• ACTION ITEM: Only the lines from the top of the following listing through the line with "import ezdxf" belong in your answer, exactly as written.

======== MATERIALS PROVIDED ========

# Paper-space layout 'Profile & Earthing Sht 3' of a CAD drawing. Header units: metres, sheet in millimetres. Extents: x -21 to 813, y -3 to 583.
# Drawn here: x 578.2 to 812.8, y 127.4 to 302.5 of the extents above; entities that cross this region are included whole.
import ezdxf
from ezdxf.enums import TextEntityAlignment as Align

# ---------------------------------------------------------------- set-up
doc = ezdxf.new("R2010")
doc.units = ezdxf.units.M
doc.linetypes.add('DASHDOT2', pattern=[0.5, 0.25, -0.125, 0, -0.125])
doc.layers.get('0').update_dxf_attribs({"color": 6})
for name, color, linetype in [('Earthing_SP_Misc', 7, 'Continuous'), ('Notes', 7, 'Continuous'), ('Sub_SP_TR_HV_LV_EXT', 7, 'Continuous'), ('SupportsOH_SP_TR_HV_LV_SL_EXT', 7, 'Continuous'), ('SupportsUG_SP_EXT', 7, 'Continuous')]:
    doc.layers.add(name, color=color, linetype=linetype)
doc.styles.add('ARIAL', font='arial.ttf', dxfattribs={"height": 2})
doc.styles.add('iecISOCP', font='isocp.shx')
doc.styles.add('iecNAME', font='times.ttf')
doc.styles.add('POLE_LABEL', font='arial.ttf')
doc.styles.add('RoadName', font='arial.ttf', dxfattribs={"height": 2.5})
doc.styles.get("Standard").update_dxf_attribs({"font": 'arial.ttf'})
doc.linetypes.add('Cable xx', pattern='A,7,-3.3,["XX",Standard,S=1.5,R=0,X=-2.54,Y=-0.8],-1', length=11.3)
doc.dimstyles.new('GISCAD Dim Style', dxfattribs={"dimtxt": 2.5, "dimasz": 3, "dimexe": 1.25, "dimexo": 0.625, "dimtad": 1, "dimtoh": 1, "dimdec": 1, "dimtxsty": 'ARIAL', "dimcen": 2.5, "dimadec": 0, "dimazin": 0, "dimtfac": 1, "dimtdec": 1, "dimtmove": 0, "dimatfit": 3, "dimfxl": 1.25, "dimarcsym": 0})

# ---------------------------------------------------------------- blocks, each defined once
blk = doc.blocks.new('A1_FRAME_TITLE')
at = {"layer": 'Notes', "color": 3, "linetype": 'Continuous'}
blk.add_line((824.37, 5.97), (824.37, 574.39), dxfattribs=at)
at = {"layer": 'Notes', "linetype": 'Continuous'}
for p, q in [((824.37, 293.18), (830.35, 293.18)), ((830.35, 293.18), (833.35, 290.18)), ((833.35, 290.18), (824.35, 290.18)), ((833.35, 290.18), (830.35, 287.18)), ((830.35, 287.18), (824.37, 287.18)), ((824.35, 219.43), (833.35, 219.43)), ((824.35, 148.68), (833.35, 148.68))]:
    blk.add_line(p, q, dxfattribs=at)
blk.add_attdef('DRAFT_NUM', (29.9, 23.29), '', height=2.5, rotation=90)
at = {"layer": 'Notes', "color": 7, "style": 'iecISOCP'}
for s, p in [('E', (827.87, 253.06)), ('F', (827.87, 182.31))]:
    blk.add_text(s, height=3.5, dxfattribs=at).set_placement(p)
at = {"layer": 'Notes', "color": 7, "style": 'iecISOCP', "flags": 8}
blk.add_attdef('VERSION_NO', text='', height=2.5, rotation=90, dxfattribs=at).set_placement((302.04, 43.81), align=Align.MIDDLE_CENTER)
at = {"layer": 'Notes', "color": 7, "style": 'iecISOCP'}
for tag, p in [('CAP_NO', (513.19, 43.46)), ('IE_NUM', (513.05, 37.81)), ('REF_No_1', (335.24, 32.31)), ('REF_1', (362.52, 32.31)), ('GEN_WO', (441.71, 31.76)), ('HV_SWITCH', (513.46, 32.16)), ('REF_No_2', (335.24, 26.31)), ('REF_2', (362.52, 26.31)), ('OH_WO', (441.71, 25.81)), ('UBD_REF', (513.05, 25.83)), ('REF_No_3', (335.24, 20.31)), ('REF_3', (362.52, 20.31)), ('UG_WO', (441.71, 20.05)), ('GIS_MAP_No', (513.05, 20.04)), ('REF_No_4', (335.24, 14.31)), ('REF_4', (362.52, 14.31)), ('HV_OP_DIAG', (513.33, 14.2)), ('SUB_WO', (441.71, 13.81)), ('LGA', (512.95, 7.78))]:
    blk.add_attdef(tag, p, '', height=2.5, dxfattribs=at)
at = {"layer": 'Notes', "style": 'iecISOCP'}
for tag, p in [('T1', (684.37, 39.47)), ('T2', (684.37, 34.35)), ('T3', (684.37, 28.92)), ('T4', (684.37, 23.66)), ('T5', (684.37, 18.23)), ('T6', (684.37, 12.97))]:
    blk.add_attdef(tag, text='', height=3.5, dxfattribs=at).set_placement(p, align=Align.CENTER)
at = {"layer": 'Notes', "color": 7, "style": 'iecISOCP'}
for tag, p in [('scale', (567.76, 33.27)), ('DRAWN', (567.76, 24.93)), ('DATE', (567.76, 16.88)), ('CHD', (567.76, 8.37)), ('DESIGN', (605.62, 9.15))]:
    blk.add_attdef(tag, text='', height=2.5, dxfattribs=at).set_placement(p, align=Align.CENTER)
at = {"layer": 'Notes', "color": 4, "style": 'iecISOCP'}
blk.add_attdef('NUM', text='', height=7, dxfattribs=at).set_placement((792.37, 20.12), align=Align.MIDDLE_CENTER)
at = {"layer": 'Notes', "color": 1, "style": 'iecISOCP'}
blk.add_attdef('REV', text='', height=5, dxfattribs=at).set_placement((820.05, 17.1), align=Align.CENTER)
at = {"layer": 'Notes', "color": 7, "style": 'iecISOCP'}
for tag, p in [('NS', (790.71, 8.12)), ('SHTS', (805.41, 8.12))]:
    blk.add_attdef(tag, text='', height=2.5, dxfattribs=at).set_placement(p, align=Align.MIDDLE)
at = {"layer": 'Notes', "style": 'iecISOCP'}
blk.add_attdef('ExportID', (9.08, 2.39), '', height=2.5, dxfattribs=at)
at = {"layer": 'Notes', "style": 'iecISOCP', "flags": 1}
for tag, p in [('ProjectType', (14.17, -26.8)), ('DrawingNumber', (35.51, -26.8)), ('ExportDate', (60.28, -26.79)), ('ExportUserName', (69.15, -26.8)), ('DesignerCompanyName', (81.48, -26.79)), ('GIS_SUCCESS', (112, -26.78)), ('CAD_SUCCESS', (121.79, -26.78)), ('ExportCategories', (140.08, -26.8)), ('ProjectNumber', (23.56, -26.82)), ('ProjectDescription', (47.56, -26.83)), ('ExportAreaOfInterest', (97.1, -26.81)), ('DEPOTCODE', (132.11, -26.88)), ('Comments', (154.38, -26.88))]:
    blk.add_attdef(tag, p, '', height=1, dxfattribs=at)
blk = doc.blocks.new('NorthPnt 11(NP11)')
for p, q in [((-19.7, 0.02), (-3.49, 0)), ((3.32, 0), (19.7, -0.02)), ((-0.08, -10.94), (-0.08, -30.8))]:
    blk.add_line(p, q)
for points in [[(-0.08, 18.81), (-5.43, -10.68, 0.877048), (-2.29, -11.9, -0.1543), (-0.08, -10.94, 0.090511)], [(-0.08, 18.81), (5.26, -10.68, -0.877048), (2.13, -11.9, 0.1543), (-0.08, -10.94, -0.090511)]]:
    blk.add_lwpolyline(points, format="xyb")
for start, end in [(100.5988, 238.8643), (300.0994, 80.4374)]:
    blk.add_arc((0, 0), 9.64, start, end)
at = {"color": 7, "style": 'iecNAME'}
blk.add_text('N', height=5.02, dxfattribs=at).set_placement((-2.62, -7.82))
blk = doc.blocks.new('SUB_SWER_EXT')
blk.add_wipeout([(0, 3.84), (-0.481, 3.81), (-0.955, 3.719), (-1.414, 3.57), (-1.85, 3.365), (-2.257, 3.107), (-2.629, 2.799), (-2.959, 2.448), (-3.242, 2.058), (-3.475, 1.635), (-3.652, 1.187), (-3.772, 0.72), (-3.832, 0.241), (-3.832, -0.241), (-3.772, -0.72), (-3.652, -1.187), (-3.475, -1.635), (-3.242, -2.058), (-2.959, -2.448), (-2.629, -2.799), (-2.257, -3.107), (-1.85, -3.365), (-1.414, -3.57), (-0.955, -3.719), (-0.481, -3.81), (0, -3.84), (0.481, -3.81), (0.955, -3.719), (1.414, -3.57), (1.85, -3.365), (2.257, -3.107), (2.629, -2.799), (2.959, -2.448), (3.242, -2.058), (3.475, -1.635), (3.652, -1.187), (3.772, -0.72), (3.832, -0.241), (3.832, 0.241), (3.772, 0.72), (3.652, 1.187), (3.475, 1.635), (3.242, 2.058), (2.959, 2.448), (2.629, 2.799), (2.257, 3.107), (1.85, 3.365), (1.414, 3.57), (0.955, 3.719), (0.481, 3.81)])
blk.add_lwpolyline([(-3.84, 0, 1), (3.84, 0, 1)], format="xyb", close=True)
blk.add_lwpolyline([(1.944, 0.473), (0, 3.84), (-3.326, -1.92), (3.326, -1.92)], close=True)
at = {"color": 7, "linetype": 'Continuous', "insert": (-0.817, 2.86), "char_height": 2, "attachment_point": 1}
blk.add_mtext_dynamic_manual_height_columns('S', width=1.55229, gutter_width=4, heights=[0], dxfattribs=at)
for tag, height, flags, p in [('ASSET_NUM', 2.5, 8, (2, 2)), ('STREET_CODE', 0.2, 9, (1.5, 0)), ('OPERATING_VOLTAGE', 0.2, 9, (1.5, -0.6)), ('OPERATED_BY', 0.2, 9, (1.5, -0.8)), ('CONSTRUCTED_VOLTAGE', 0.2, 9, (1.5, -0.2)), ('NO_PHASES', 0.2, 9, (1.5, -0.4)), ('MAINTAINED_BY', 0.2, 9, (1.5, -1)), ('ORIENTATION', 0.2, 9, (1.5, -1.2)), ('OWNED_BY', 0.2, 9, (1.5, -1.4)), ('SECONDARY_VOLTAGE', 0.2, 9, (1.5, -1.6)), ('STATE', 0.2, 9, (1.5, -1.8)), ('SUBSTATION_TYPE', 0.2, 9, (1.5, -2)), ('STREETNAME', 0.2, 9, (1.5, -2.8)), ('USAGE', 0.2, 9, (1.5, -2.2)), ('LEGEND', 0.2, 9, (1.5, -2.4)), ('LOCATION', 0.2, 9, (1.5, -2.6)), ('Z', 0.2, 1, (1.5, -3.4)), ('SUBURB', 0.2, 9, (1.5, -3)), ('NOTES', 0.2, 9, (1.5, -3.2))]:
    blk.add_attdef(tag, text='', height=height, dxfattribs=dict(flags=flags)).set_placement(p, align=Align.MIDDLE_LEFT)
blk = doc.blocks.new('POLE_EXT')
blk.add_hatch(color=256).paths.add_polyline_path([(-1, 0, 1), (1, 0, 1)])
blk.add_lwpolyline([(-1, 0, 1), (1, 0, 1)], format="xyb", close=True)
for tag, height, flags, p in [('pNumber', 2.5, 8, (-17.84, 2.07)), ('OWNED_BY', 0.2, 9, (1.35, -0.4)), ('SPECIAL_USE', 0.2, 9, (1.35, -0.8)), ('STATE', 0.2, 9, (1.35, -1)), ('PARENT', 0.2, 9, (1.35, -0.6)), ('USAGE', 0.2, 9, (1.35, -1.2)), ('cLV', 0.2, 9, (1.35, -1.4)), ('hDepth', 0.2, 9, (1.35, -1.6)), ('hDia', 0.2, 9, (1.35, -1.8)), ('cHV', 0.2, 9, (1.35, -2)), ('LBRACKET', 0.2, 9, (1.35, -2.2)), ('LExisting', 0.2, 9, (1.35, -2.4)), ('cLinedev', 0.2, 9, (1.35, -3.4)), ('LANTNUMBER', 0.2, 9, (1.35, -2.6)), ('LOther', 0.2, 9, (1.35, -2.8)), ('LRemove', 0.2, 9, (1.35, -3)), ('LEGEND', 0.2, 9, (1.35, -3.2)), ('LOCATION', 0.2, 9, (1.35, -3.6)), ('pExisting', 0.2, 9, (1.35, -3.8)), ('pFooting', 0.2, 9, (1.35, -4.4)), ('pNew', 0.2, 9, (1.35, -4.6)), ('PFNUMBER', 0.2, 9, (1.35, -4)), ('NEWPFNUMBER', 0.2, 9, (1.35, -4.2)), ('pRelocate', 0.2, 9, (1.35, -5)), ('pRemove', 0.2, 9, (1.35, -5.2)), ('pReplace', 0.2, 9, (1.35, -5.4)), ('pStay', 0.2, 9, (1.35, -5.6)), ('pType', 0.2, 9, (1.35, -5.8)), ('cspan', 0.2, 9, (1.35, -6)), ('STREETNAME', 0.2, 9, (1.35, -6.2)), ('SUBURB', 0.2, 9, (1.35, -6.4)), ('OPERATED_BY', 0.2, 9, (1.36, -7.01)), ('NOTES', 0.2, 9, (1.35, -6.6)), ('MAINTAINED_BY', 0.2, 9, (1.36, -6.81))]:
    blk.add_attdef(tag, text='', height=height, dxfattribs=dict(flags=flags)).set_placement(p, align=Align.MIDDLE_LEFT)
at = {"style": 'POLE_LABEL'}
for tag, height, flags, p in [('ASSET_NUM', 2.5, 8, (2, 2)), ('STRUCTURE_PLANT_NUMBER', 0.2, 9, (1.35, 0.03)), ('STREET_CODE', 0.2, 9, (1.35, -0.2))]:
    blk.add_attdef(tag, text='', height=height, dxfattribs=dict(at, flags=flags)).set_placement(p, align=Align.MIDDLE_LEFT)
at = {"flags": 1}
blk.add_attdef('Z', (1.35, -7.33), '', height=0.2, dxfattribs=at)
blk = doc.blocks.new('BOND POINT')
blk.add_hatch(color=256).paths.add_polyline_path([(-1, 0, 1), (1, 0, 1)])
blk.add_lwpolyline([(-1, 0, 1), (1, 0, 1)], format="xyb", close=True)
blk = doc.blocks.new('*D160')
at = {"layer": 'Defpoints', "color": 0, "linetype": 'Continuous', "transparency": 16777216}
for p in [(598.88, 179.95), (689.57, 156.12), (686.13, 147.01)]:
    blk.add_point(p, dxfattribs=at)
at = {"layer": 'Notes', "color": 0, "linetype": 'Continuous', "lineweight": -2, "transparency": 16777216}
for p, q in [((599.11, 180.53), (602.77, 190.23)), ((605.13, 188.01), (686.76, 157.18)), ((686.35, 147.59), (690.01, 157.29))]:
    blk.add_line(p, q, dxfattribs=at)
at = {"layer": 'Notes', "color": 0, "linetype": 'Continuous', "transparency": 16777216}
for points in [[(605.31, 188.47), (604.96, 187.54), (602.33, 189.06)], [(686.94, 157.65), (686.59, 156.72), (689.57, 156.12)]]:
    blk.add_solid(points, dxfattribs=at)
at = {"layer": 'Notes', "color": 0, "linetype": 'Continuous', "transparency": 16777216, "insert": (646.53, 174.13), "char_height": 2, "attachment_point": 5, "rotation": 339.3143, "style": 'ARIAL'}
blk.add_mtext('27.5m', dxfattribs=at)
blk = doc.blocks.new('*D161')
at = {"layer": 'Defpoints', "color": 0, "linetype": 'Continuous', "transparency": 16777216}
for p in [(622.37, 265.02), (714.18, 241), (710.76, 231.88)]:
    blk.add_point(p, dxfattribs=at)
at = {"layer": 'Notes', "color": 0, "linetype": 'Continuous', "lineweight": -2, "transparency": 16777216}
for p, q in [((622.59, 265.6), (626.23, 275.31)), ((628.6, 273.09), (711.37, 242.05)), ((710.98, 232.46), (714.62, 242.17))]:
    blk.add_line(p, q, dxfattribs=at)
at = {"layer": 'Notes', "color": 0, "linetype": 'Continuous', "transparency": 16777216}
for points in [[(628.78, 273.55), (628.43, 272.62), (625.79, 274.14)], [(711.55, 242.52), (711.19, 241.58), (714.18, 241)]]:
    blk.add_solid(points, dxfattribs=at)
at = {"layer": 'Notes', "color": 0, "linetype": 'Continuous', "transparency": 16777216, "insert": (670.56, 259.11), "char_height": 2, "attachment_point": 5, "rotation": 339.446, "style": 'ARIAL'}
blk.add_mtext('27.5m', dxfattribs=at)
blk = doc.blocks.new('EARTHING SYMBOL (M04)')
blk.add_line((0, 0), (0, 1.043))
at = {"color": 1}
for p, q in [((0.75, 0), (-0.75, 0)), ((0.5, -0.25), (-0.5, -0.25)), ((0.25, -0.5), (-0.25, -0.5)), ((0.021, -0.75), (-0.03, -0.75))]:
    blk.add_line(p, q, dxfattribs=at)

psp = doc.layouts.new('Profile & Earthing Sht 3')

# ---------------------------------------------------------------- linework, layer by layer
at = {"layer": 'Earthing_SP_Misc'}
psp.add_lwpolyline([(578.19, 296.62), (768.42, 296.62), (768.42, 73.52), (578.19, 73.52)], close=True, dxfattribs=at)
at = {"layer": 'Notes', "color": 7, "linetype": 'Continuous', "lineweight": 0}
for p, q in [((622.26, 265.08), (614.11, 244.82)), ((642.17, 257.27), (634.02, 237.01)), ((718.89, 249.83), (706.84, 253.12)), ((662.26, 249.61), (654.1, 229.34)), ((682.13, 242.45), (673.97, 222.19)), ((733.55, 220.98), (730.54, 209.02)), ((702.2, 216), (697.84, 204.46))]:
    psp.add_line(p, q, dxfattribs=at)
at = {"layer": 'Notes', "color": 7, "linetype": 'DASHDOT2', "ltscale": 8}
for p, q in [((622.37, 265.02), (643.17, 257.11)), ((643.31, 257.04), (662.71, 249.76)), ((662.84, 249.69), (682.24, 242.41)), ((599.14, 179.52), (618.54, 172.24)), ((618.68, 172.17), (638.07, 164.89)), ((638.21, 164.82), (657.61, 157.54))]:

========

• RESULT OF THE TASK:
# Paper-space layout 'Profile & Earthing Sht 3' of a CAD drawing. Header units: metres, sheet in millimetres. Extents: x -21 to 813, y -3 to 583.
# Drawn here: x 578.2 to 812.8, y 127.4 to 302.5 of the extents above; entities that cross this region are included whole.
import ezdxf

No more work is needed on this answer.